MARBLES AND MEMORY:TWO URN MODELS OF LEARNING

Phenomenon to be explained: When people are instructed to learn paired associates, the proportion correct increases as a monotonic, negatively accelerated function of the number of repetitions (reinforcements of stimulus and response) of the pair of items. The exact form of this relationship is called the empirical learning curve.

Notation: Cn is the event "Correct on trial n". The probability correct on trial n will be denoted P(Cn) or Pn.

On the first trial, there have been no reinforcements; therefore

P(C1) = G, where G is the guessing rate.

Sometimes G is known from the design of the study (e.g., with two answers and no prior training, G = .5) Other times, P(C1) will represent the initial state of knowledge.

Urn Analogy: Each marble in the urn represents an association from the stimulus to a response. Perhaps each marble represents a neural link. Each marble is either White (for wrong) or Red (for right), and the marbles are assumed to be randomly mixed between trials. On each trial, a marble is chosen at random, as though the subject selects one association on each trial.

If the marble is Red, the response is right (correct).

If the marble is White, it is wrong.

Let Rn = the number of red marbles on trial n.

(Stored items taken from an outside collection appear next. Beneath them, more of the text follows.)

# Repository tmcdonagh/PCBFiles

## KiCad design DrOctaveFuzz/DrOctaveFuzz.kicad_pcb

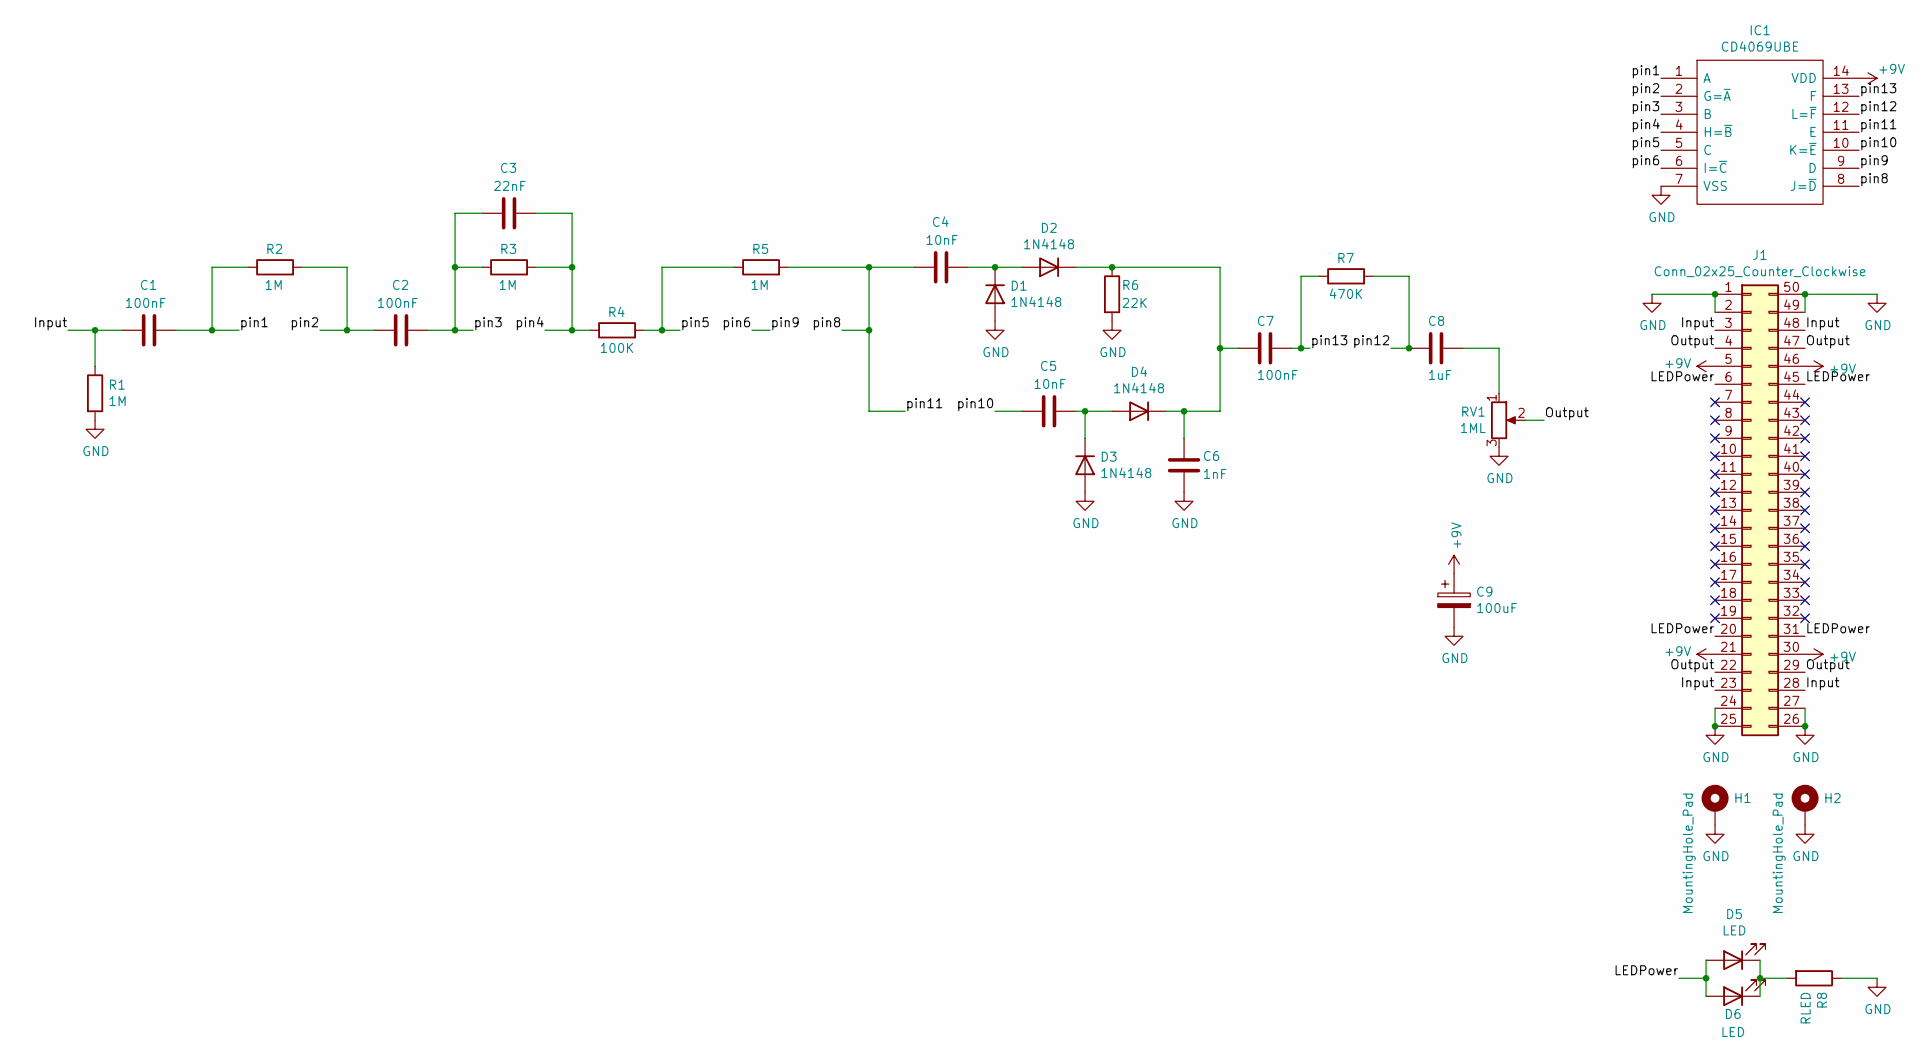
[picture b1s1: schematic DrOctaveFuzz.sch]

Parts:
C1, C2, C7: 100nF; C_Flat_L7.2_H6.5
C3: 22nF; C_Flat_L7.2_H6.5
C4, C5: 10nF; C_Flat_L7.2_H6.5
C6: 1nF; C_Flat_L7.2_H6.5
C8: 1uF; C_Flat_L7.2_H10
C9: 100uF; CP_Radial_D6.3mm_P2.00mm_L11.0mm
D1, D2, D3, D4: 1N4148; D_DO-35_SOD27_P7.62mm_Horizontal
D5, D6: LED; LED_D5.0mm
H1, H2: MountingHole_Pad; MountingHole_2.5mm_Pad
IC1: CD4069UBE; DIP-14_W7.62mm; Mouser Part Number 595-CD4069UBE
J1: Conn_02x25_Counter_Clockwise; N64-Connector-Wide
R1, R2, R3, R5: 1M; R_Axial_DIN0207_L6.3mm_D2.5mm_P10.16mm_Horizontal
R4: 100K; R_Axial_DIN0207_L6.3mm_D2.5mm_P10.16mm_Horizontal
R6: 22K; R_Axial_DIN0207_L6.3mm_D2.5mm_P10.16mm_Horizontal
R7: 470K; R_Axial_DIN0207_L6.3mm_D2.5mm_P10.16mm_Horizontal
R8: RLED; R_Axial_DIN0207_L6.3mm_D2.5mm_P10.16mm_Horizontal
RV1: 1ML; Potentiometer_Bourns_PTV09A-1_Single_Vertical

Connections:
+9V: C9.1, IC1.14 (VDD), J1.5, J1.21, J1.30, J1.46
/Input: C1.1, J1.3, J1.23, J1.28, J1.48, R1.1
/LEDPower: D5.2 (A), D6.2 (A), J1.6, J1.20, J1.31, J1.45
/Output: J1.4, J1.22, J1.29, J1.47, RV1.2
/pin1: C1.2, IC1.1 (A), R2.1
/pin2: C2.1, IC1.2 (G=~A), R2.2
/pin3: C2.2, C3.1, IC1.3 (B), R3.1
/pin4: C3.2, IC1.4 (H=~B), R3.2, R4.1
/pin5: IC1.5 (C), R4.2, R5.1
/pin6: IC1.6 (I=~C), IC1.9 (D)
/pin10: C5.1, IC1.10 (K=~E)
/pin11: C4.1, IC1.8 (J=~D), IC1.11 (E), R5.2
/pin12: C8.2, IC1.12 (L=~F), R7.2
/pin13: C7.1, IC1.13 (F), R7.1
GND: C6.2, C9.2, D1.2 (A), D3.2 (A), H1.1, H2.1, IC1.7 (VSS), J1.1, J1.2, J1.24, J1.25, J1.26, J1.27, J1.49, J1.50, R1.2, R6.2, R8.1, RV1.3
unnamed: C4.2, D1.1 (K), D2.2 (A)
unnamed: C5.2, D3.1 (K), D4.2 (A)
unnamed: C6.1, C7.2, D2.1 (K), D4.1 (K), R6.1
unnamed: C8.1, RV1.1
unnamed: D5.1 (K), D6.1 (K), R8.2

Wn = the number of white marbles on trial n.

Tn = Rn + Wn = the total number of marbles on trial n.

P(Cn) = (theoretical) probability of correct on trial n

P(Cn) = Rn/Tn

The probability of being correct on trial n corresponds to the probability of selecting a red marble on trial n.

In this analogy, learning corresponds to changing the proportion of Red marbles in the urn. There are two simple ways to change the proportion of red marbles in the urn:

(1) Add red marbles on each trial. (Accumulation)

(2) Replace marbles in the urn with red marbles. (Replacement)

In this handout, we will assume that every reinforcement is equally effective and that the subject would eventually learn perfectly. Therefore, the asymptote is 1.0 for the probability correct; as n gets large, P(Cn) approaches 1.0. Later, we will consider a more general case where this asymptote, a, need not be 1.0.

Accumulation Theory:

According to accumulation theory, new associations are added, but old associations (like "bad habits") are never wiped out. The total number of marbles increases on each trial.

Let R1 = the number of red marbles on trial 1

W1 = the number of white marbles on trial 1

Key Assumption: For each reinforcement, k red marbles are added to the urn. Therefore,

Rn = R1 + (n - 1)k

Wn = W1

(Note that on trial n, there have been n - 1 reinforcements). Therefore,

P(Cn) = [R1+(n - 1)k]/[R1 +(n - 1)k + W1]

Dividing both numerator and denominator by R1 + W1, using the fact that

G = R1/(R1 + W1), and letting Q = k/(R1 + W1), we have:

P(Cn) = [G + (n - 1)Q]/[1 + (n - 1)Q]      (1)

Write a computer program to calculate this curve for n = 1 to 10, for any G and Q.

Replacement Theory:

According to this theory, the total number of associations remains constant, and wrong associations can be replaced by correct ones. The total number of marbles stays the same from trial to trial, T.

Key assumption: For each reinforcement, k marbles are randomly sampled and replaced with k red marbles. Because the marbles are randomly sampled, the replaced marbles contain some red and some white. The number of red marbles on trial n is therefore equal to the previous number, minus those taken out, plus k red:

Rn = Rn - 1 - k(Rn - 1/T) + k

Therefore, dividing by T, letting Q = k/T

P(Cn) = P(Cn - 1) +Q[1 - P(Cn - 1)]      (2)

Write a program to calculate predictions for replacement theory. Remember, P(C1) = G.

It can be shown (by induction) that Equation 2 is equivalent to the following:

P(Cn) = 1 - (1 - G)(1 - Q)(n - 1)       (3)

Write a program to calculate the learning curves according to both Equation 2 and 3, (the results will be the same).